Similar to the current research, Nugroho et al. [28] developed graphene/carbon dots from Magnolia grandiflora at various times (14, 16, 18, and 20 min) and further surface-functionalized with hydrogen sulfide (H₂S) to synthesize S-doped carbon quantum dots (CQDs). The synthesized S-doped CQDs had a uniform size, according to TEM analysis, along with an amorphous structure and water solubility, and also contained hydroxyl and carboxyl groups, excitation light-dependent characteristics, and high photostability. Synthesized S-doped-carbon nanomaterials have been used in latent fingerprint detection. This study used S-doped carbon/graphene nanomaterials derived from natural resources as high-performance fluorescent probes for the detection of latent fingerprints on non-porous surface materials [17,18].

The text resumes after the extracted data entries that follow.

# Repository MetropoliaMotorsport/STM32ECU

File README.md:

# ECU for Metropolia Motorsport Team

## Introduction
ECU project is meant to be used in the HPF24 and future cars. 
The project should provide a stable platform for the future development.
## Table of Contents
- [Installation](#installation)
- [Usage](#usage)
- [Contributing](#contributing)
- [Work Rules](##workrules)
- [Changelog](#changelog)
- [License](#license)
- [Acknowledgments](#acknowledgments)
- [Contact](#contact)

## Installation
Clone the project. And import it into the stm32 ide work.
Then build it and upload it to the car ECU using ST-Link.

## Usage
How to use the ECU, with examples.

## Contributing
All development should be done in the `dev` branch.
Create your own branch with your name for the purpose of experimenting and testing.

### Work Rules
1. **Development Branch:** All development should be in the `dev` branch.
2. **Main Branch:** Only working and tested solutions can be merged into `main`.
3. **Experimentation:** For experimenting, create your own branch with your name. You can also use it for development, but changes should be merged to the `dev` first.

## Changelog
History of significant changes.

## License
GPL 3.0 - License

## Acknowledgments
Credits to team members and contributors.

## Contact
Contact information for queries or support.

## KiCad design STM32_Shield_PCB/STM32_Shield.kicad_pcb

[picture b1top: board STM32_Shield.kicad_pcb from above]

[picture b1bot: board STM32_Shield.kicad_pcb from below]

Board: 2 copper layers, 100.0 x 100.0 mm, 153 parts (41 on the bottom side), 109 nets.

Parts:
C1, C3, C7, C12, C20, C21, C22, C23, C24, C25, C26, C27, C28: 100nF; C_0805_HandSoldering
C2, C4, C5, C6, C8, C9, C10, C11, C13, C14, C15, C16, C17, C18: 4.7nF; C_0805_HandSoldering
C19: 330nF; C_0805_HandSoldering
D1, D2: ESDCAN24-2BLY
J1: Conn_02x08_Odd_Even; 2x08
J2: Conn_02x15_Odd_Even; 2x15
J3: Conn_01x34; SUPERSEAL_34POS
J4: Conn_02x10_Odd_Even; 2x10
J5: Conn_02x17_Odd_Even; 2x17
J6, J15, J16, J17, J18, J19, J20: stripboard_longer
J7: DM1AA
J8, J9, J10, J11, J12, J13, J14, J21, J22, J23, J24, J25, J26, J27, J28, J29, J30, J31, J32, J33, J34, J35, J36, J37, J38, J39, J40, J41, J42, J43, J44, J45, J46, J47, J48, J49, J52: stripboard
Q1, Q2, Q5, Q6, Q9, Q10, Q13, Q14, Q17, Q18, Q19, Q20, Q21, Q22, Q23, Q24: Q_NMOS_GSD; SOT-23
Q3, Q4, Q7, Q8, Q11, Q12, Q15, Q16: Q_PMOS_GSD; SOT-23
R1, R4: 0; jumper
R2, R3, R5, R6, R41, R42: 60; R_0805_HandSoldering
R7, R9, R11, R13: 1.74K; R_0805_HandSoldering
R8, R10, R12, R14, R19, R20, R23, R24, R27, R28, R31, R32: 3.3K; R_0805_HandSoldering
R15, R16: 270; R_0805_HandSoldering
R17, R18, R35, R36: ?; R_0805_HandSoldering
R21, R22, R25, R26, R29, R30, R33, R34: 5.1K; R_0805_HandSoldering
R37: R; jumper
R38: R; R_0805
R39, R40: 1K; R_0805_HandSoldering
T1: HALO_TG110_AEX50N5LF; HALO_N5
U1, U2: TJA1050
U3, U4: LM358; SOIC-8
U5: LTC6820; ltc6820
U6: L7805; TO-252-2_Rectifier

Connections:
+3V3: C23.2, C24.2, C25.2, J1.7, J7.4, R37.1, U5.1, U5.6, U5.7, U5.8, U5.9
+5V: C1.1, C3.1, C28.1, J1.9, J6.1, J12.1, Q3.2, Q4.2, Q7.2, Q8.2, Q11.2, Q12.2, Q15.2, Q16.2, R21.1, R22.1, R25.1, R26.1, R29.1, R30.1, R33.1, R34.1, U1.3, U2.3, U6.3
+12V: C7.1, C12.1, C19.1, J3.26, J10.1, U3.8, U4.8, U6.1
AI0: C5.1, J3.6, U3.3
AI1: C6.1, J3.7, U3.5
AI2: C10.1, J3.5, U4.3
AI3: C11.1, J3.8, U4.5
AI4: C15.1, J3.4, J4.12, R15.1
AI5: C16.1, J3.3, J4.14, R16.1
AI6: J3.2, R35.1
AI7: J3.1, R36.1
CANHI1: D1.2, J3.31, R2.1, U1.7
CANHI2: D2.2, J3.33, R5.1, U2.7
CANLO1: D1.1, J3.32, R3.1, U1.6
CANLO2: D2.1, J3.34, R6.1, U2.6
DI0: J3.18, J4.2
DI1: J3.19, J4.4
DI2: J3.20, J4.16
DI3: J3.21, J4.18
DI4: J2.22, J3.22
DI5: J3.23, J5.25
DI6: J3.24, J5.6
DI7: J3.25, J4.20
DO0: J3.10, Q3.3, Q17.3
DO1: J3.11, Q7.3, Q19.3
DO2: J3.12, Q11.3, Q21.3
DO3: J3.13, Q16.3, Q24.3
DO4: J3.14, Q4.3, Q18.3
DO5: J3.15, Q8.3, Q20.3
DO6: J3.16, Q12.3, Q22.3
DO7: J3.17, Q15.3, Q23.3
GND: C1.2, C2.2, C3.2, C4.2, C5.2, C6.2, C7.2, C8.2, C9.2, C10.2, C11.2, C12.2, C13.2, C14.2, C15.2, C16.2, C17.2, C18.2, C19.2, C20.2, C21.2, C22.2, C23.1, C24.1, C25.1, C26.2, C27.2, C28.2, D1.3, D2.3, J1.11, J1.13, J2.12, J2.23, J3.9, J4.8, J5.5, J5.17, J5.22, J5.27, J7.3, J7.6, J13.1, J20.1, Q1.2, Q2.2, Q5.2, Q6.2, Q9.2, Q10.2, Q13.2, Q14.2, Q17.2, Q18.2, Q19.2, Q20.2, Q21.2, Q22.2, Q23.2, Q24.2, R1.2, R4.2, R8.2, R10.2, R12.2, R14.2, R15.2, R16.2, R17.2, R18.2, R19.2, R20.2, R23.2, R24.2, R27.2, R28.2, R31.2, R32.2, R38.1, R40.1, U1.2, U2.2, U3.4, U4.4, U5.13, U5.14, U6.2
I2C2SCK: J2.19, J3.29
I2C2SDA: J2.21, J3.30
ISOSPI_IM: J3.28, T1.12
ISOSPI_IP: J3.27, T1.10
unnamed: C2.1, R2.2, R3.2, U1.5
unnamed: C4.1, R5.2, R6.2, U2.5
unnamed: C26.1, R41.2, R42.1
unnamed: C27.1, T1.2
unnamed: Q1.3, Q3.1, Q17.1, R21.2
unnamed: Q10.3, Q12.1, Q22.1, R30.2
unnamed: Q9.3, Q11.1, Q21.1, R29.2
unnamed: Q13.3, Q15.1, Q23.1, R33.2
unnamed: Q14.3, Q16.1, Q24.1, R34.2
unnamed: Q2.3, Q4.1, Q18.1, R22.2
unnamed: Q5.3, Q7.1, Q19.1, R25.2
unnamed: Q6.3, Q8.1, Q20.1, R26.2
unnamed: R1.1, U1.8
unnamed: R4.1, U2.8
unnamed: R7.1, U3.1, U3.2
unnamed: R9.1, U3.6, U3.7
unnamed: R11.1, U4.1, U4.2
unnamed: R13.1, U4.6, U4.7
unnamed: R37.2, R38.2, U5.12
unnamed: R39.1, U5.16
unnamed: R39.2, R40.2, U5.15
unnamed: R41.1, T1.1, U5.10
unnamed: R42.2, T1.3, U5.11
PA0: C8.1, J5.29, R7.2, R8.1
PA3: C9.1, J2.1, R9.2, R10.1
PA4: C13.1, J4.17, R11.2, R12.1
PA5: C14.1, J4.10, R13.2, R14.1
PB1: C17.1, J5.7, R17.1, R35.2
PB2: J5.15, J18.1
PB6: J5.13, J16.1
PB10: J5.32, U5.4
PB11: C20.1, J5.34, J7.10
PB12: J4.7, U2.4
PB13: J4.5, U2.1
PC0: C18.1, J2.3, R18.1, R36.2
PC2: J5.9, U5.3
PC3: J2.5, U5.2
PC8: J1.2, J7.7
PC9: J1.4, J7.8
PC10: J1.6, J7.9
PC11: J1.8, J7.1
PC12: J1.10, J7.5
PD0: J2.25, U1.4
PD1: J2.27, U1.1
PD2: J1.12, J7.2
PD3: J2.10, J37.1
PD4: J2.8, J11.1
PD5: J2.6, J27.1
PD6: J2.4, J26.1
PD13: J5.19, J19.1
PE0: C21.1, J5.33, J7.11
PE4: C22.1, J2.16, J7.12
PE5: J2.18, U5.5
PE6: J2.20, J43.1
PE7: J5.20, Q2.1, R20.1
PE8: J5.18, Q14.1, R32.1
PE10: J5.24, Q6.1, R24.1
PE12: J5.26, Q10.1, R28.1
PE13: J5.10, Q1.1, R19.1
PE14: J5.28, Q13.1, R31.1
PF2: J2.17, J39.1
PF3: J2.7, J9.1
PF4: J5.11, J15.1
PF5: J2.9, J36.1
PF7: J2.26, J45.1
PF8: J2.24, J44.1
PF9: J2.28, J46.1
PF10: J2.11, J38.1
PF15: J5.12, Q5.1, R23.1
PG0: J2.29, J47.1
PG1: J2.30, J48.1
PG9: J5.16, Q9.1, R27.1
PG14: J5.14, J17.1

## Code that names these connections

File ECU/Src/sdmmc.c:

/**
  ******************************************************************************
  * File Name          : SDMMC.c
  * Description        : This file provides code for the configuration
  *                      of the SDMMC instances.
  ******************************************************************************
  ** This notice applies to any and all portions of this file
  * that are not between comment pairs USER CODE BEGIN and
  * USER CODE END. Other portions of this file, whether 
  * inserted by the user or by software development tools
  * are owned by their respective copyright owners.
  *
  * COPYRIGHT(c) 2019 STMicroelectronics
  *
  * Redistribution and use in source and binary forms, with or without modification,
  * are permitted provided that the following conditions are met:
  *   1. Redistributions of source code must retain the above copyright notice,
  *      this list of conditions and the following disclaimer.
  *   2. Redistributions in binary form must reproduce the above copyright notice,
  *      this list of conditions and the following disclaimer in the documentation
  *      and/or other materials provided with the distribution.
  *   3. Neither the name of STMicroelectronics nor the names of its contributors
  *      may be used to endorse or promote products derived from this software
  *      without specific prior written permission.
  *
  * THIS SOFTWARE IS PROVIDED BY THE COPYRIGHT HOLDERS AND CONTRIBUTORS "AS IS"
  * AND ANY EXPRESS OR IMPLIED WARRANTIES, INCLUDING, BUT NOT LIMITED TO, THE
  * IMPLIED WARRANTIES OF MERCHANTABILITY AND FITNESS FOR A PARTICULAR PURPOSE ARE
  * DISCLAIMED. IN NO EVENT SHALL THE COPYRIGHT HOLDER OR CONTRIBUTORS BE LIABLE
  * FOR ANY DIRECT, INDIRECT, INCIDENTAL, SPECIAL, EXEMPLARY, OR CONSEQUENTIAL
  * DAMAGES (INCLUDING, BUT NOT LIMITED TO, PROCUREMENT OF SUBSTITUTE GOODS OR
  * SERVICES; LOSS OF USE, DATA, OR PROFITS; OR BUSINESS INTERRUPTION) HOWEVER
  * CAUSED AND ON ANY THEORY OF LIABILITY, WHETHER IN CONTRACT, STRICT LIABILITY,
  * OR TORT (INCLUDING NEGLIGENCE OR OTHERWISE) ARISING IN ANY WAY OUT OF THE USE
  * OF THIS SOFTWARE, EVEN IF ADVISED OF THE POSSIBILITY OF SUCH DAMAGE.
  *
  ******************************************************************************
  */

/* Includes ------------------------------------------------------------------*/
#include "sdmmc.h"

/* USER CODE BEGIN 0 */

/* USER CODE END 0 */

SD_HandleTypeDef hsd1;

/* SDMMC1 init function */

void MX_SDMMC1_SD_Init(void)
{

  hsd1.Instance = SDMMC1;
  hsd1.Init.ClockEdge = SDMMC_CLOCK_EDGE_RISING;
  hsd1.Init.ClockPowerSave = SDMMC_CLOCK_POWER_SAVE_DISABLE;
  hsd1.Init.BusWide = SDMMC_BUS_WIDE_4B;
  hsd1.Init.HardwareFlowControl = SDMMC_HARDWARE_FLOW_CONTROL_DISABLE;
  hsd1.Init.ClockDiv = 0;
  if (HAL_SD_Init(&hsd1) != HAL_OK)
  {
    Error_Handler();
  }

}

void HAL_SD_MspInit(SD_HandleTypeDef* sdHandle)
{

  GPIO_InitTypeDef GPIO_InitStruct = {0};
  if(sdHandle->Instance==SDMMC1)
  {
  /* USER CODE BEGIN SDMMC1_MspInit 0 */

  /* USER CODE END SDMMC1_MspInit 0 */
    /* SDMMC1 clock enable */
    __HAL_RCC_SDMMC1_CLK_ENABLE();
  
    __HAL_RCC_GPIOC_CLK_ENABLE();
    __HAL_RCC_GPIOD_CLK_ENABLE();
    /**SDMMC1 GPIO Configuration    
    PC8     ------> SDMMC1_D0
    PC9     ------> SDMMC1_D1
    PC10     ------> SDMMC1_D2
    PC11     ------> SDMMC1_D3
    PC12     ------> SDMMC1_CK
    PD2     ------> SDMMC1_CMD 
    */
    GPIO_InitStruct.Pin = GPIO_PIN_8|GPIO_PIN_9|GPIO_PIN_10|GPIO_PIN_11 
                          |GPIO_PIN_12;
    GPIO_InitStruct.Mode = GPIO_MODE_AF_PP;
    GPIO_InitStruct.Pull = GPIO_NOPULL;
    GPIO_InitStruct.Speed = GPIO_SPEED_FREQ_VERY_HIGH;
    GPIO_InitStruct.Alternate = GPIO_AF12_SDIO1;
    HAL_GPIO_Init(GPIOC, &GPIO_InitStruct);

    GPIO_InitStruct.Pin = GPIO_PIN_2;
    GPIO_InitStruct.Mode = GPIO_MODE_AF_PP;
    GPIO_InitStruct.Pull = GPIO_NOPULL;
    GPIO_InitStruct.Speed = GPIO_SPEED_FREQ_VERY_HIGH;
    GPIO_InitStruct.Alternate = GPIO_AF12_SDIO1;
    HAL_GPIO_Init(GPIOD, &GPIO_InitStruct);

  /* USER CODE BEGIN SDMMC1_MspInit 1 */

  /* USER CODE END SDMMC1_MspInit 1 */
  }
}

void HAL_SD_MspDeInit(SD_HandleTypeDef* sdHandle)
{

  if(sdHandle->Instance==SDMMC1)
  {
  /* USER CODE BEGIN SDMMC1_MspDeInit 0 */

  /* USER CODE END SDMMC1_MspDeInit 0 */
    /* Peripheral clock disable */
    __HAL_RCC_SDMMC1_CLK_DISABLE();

In several studies, graphene or carbon nanomaterials, a particular class of semiconductor materials that are generated by group II–VI binary compounds at a nanoscale (2–20 nm) size in three dimensions, have been utilized for fingerprint development. CdS, CdSe, and CdTe quantum dots (QDs) have been shaped for creating hidden fingerprints with high sensitivity and outstanding background contrast. The nature of cadmium is highly toxic, which raises the major concern about using cadmium (Cd)-containing quantum dots [29]. Considering the toxic effects of fluorescent cadmium dots, the biomass-generated graphene nano-sheets (GNSs) will facilitate environmentally friendly properties. In similar aspects, Weng et al. [30] designed reduced graphene oxide (rGO) film to form a wrinkled structure using a facile stretching-releasing process, which mimics the morphology of fingertip skin and provided special impacts on crime detection [30]. Further, Zhang et al. [31] also developed latent fingerprints using electrodeposition of GNSs on multiple surfaces and observed that better fingerprints could be achieved by electrodeposition parameters (reaction time, concentration, potential, and scan rate) of graphene, which is significant for the development latent fingerprints samples on various metal surfaces [31]. However, these techniques are complicated to fabricate as compared to the developed graphene nano-sheet-based simple fabrication and fingerprint detection.

5. Conclusions

The fingerprint is a unique identity of an individual since it is an unchangeable feature that differs from person to person. Conventional techniques have somewhere failed to detect old fingerprints and are less stable. Therefore, we have developed biocompatible and biomass-generated graphene nano-sheets (GNSs) that produce blue color under a UV lamp by comparing them with several techniques and these GNSs were successfully applied for the detection of fingerprints on porous and non-porous surface materials. Based on the above findings, it could be concluded that the fingerprint pattern could be improved more clearly under commercial UV lamps with bright blue fluorescence intensity. Therefore, this research has proved that the GNSs derived from plant/grain material have better potential as fluorescent probes for latent fingerprint detection. The application of the powdered GNSs was carried out with experiments on various non-porous materials (glass, plastic, silicon, steel, soft plastic, etc.) with the understanding that the developed fingerprints on various surfaces will also be helpful in food packaging and sensing sectors where crime prints could be detected on such different surfaces.